I was eager to undertake my CLI data gem project – but also nervous. This would be my first time programming in Ruby without a predetermined objective or tests to guide me. But my approach to coding thus far has been: The more I do it, even if it doesn’t click with me at first, the more comfortable I’ll feel. And the better programmer I’ll become. And so with that in mind, I jumped in.
My first step was to decide what my application would do. I wanted to work with information that interested me to keep me excited about the project. My wife and I are in the process of adopting a dog, and she suggested an app that gave users some sort of information on dog breeds.
What my application would accomplish
A quick examination of the American Kennel Club’s site gave me an idea:
-
Users would be given a numbered list of all dog breed groups recognized by the AKC.
-
They could then choose which group they were interested in and receive a numbered list of all breeds in that group.
-
They could choose the breed they wanted more information on and be given a concise list of breed traits.
All of the information, from the groups to the breeds to the dogs’ characteristics, would be scraped from the AKC’s website.
How I began
I wanted to hit the ground running, so I first built my app using hard coding instead of scraping. I wanted all of the methods to work together in the CLI class before I started scraping. So I chose one breed to work with - the first breed on the AKC’s site, the American water spaniel - and built out my methods using that dog’s specifications.
As I hard-coded, I tried to be methodical. I built new methods as I realized what steps I needed to take to make the app work as intended. Every time I thought of a new functionality that was needed - even something as simple as saying goodbye to the user as he exited the program - I tried to build a new method to contain that function.
Time to scrape
Once everything was working smoothly, I started to move the methods in the CLI class into new classes named for their functions: Groups, Breeds, and Breed Details. I moved the appropriate methods to those classes and began to figure out how I could deliver the same information using scraping instead of hard coding, which would make each method so much more powerful and flexible.
Lessons in scraping
Going into this project, I was starting to feel a little more comfortable with scraping, but I hit a few roadblocks that really helped me. I had everything working using scraped information – or so I thought. I was testing my app and found that it broke when I chose a certain dog breed, the pug, which was odd.

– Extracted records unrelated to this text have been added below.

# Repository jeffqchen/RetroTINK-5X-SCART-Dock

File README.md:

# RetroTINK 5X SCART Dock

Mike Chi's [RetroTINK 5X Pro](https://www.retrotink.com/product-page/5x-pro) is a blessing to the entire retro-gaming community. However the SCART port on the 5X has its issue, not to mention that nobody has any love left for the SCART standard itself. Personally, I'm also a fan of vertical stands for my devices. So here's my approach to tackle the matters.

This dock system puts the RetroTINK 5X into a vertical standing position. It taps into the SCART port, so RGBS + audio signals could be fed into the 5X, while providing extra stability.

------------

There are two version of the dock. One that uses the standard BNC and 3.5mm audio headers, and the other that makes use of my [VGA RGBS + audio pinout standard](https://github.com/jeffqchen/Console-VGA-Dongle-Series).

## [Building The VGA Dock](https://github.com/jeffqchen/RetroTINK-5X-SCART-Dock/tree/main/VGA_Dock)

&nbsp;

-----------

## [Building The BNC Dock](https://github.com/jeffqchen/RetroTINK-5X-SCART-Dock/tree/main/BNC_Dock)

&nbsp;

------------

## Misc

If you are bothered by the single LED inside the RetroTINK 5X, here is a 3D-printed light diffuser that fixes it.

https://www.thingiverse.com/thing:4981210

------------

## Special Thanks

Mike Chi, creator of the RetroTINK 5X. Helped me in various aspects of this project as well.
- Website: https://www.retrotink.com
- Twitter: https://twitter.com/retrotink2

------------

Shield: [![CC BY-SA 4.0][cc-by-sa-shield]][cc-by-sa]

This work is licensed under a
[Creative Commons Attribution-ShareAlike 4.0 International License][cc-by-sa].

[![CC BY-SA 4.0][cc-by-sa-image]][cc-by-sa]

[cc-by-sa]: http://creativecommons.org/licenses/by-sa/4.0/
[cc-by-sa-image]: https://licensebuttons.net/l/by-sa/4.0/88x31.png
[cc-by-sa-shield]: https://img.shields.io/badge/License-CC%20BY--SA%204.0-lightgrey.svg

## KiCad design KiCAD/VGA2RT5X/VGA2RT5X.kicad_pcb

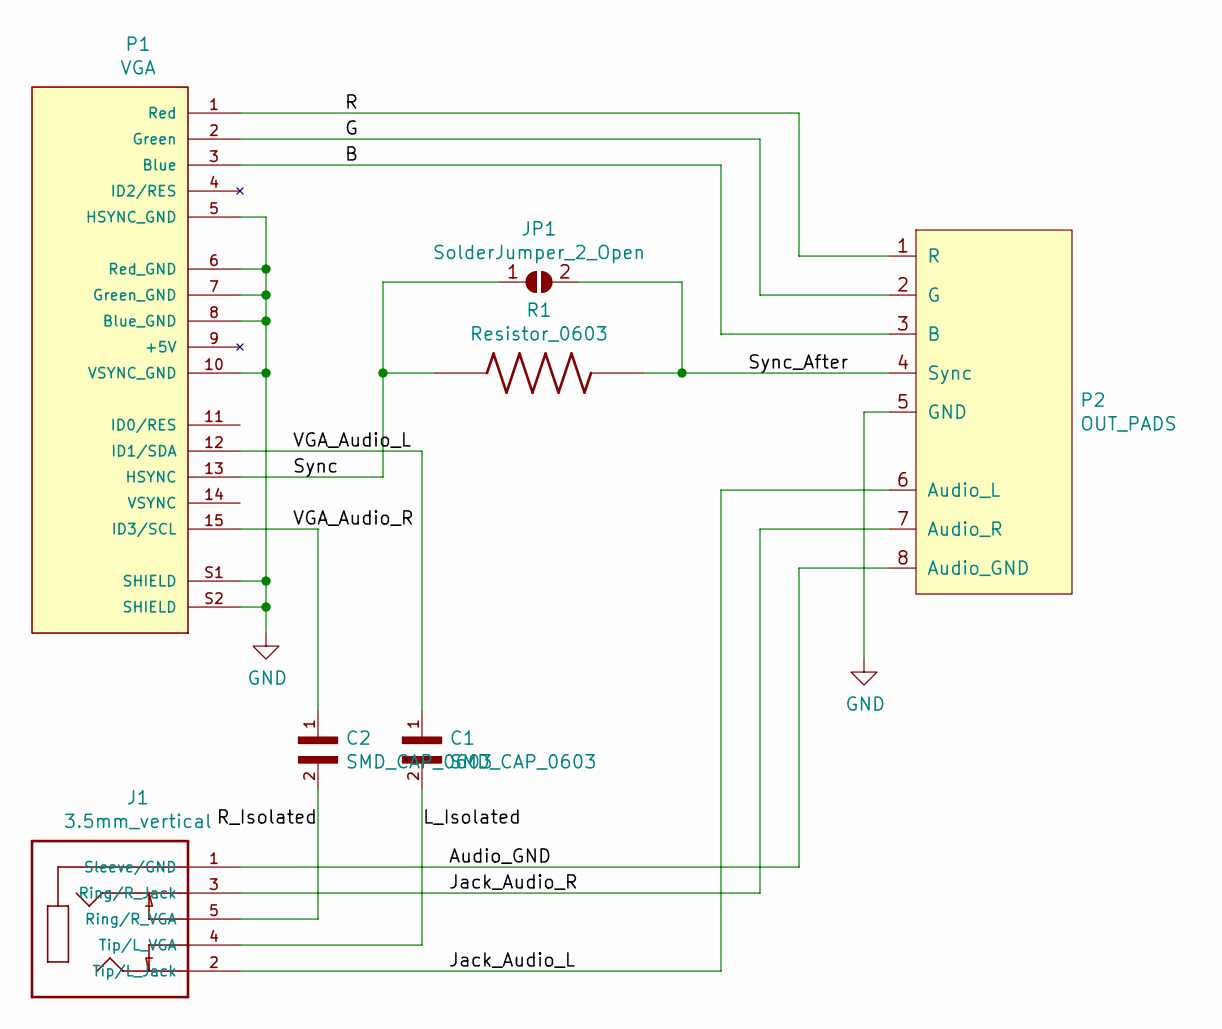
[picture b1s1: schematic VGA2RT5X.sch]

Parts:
C1, C2: SMD_CAP_0603; SMD_Cap_0603
J1: 3.5mm_vertical; 3.5mm_Jack_5p; PARTREV 1.01
JP1: SolderJumper_2_Open; SolderJumper-2_P1.3mm_Open_RoundedPad1.0x1.5mm
P1: VGA; VGA_female_rightangle_slim; PARTREV N/A
P2: OUT_PADS; Output_Pads
R1: Resistor_0603

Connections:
/Audio_GND: J1.1 (Sleeve/GND), P2.8 (Audio_GND)
/B: P1.3 (Blue), P2.3 (B)
/G: P1.2 (Green), P2.2 (G)
/Jack_Audio_L: J1.2 (Tip/L_Jack), P2.6 (Audio_L)
/Jack_Audio_R: J1.3 (Ring/R_Jack), P2.7 (Audio_R)
/L_Isolated: C1.2, J1.4 (Tip/L_VGA)
/R: P1.1 (Red), P2.1 (R)
/R_Isolated: C2.2, J1.5 (Ring/R_VGA)
/Sync: JP1.1 (A), P1.13 (HSYNC), R1.1
/Sync_After: JP1.2 (B), P2.4 (Sync), R1.2
/VGA_Audio_L: C1.1, P1.12 (ID1/SDA)
/VGA_Audio_R: C2.1, P1.15 (ID3/SCL)
GND: P1.5 (HSYNC_GND), P1.6 (Red_GND), P1.7 (Green_GND), P1.8 (Blue_GND), P1.10 (VSYNC_GND), P1.S1 (SHIELD), P1.S2 (SHIELD), P2.5 (GND)

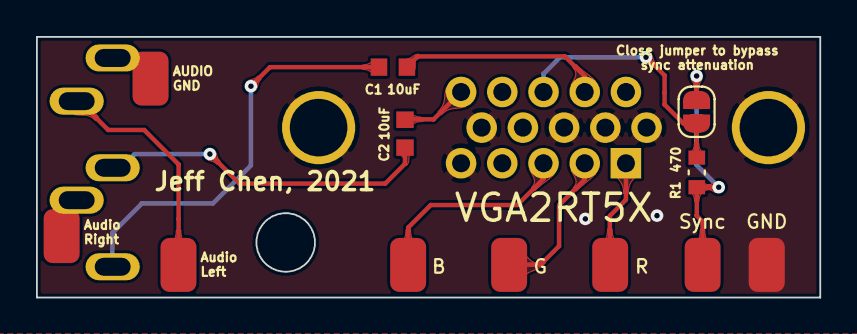
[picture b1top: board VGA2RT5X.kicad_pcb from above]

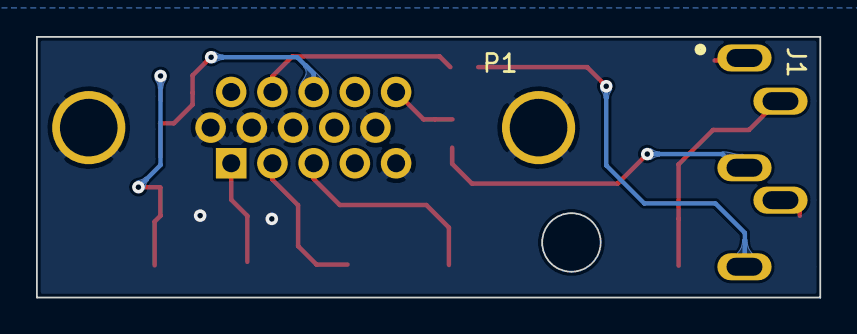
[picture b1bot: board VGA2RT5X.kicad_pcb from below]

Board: 2 copper layers, 43.5 x 14.5 mm, 7 parts (2 on the bottom side), 13 nets.

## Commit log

2021-10-23 Initial Update
2021-10-23 Photos
2021-10-23 Pics and readme
2021-10-23 Updated 3D model for VGA dock
2021-10-23 Update VGA dock readme
2021-11-26 Update readme
    with universal attenuation hack
2022-03-23 Update parts list
2022-08-09 Change license type
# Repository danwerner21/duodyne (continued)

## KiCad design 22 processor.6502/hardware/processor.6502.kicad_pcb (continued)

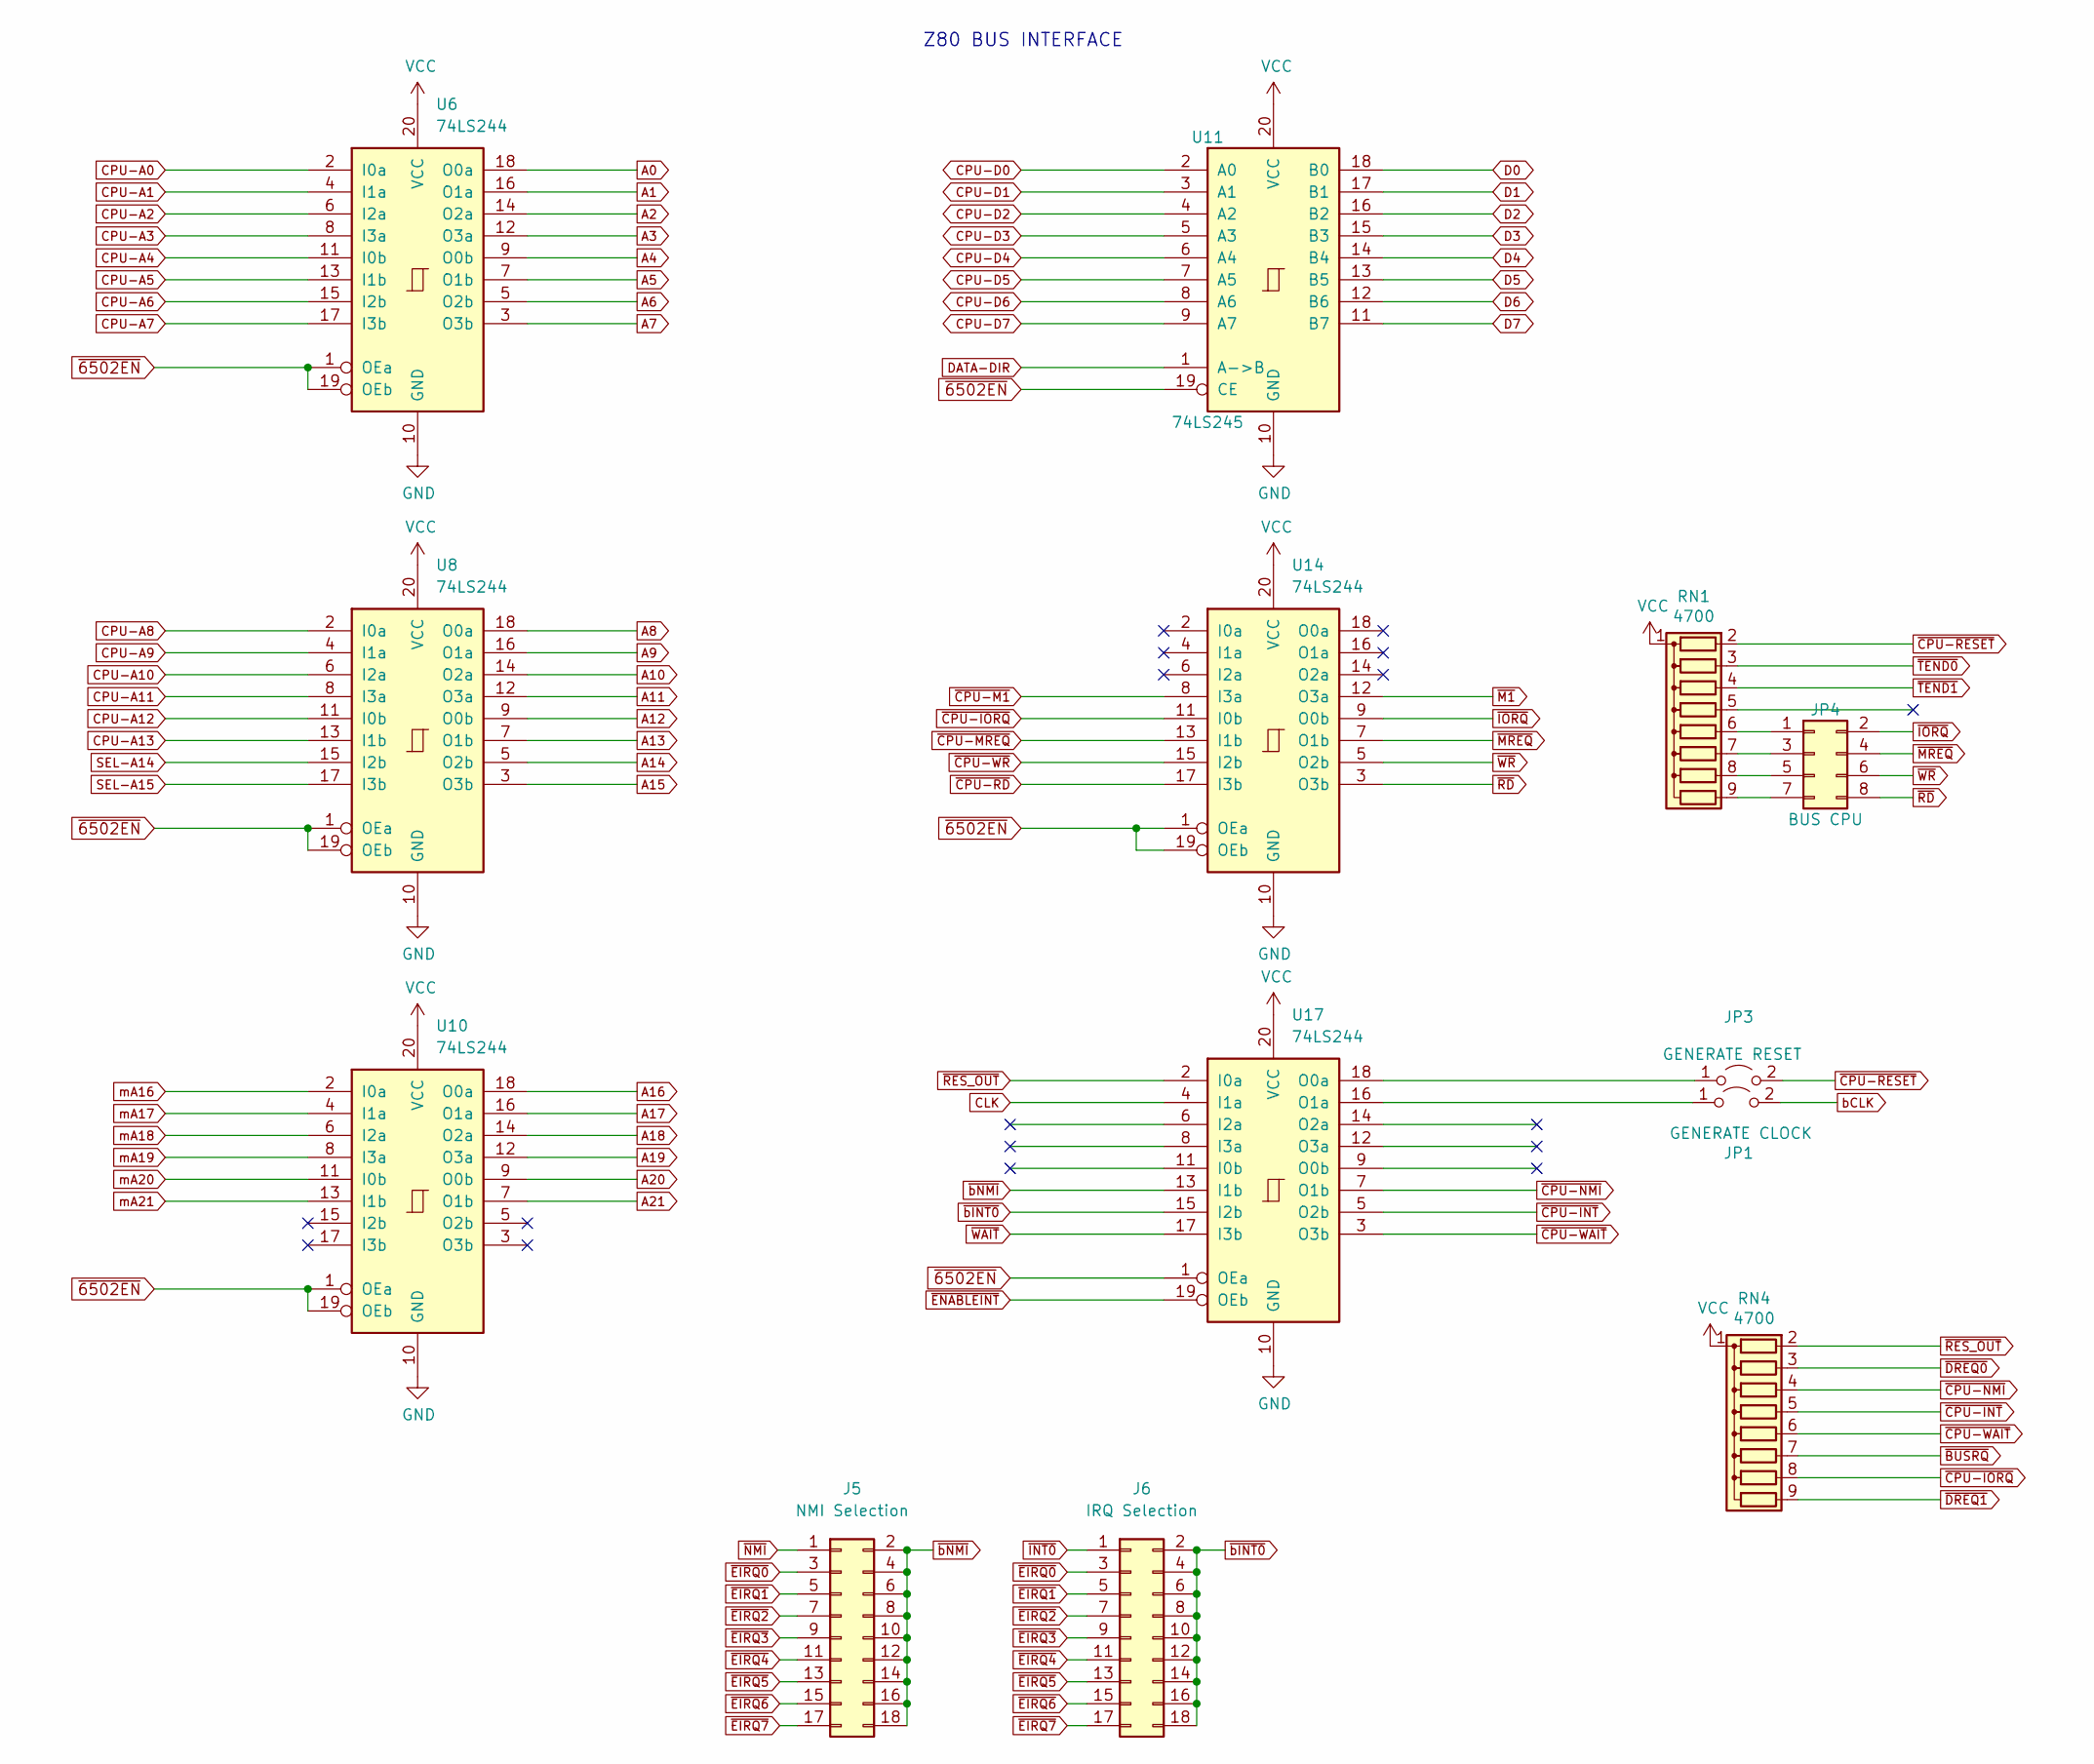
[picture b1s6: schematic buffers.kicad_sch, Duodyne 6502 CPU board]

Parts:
J5: NMI Selection; PinHeader_2x09_P2.54mm_Vertical
J6: IRQ Selection; PinHeader_2x09_P2.54mm_Vertical
JP1: GENERATE CLOCK; PinHeader_1x02_P2.54mm_Vertical
JP3: GENERATE RESET; PinHeader_1x02_P2.54mm_Horizontal
JP4: BUS CPU; PinHeader_2x04_P2.54mm_Vertical
RN1, RN4: 4700; R_Array_SIP9
U6, U8, U10, U14, U17: 74LS244; DIP-20_W7.62mm_Socket_LongPads
U11: 74LS245; DIP-20_W7.62mm_Socket_LongPads

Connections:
A0: U6.18 (O0a); also elsewhere on the board
A1: U6.16 (O1a); also elsewhere on the board
A2: U6.14 (O2a); also elsewhere on the board
A3: U6.12 (O3a); also elsewhere on the board
A4: U6.9 (O0b); also elsewhere on the board
A5: U6.7 (O1b); also elsewhere on the board
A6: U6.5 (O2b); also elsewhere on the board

I took a closer look at the pug’s page on the AKC site and discovered that certain breeds had a different HTML structure on their pages, which meant my app broke when it tried to scrape their info.
At first, I built two different scraping mechanisms to handle both HTML structures that I was seeing. But as I tested my scraping code, I soon realized that if I moved a level up, I could actually scrape both HTML structures using the same code, which helped simplify my program.
Why is that text indented?
I felt almost done with my app, but one thing was nagging me – the strings put out into the CLI with breeds’ information was indented, and I didn’t know why. A closer examination of what I was scraping showed that some breeds’ info came with \n
with extra spacing, and others had \n
along with \t
.
A Google search quickly showed me what I was dealing with - the strings were being told to move to a new line and brought the extra spacing with them, or they were moving to a new line and tabbing over (or indenting) at the same time.
I fixed this to make all outputted text in the CLI align on the left using delete!
and strip
on the strings of breed information.
A confidence builder
While my app feels simple - it just returns snippets of information from one website - I also appreciate how I was able to access a large amount of information (the AKC has seven groups of dog breeds and 20-30 breeds of dogs in each group) and parse it for the user.
Building a program from scratch and navigating the hiccups along the way to produce a useful, streamlined app has given me a lot of confidence as I move forward in coding.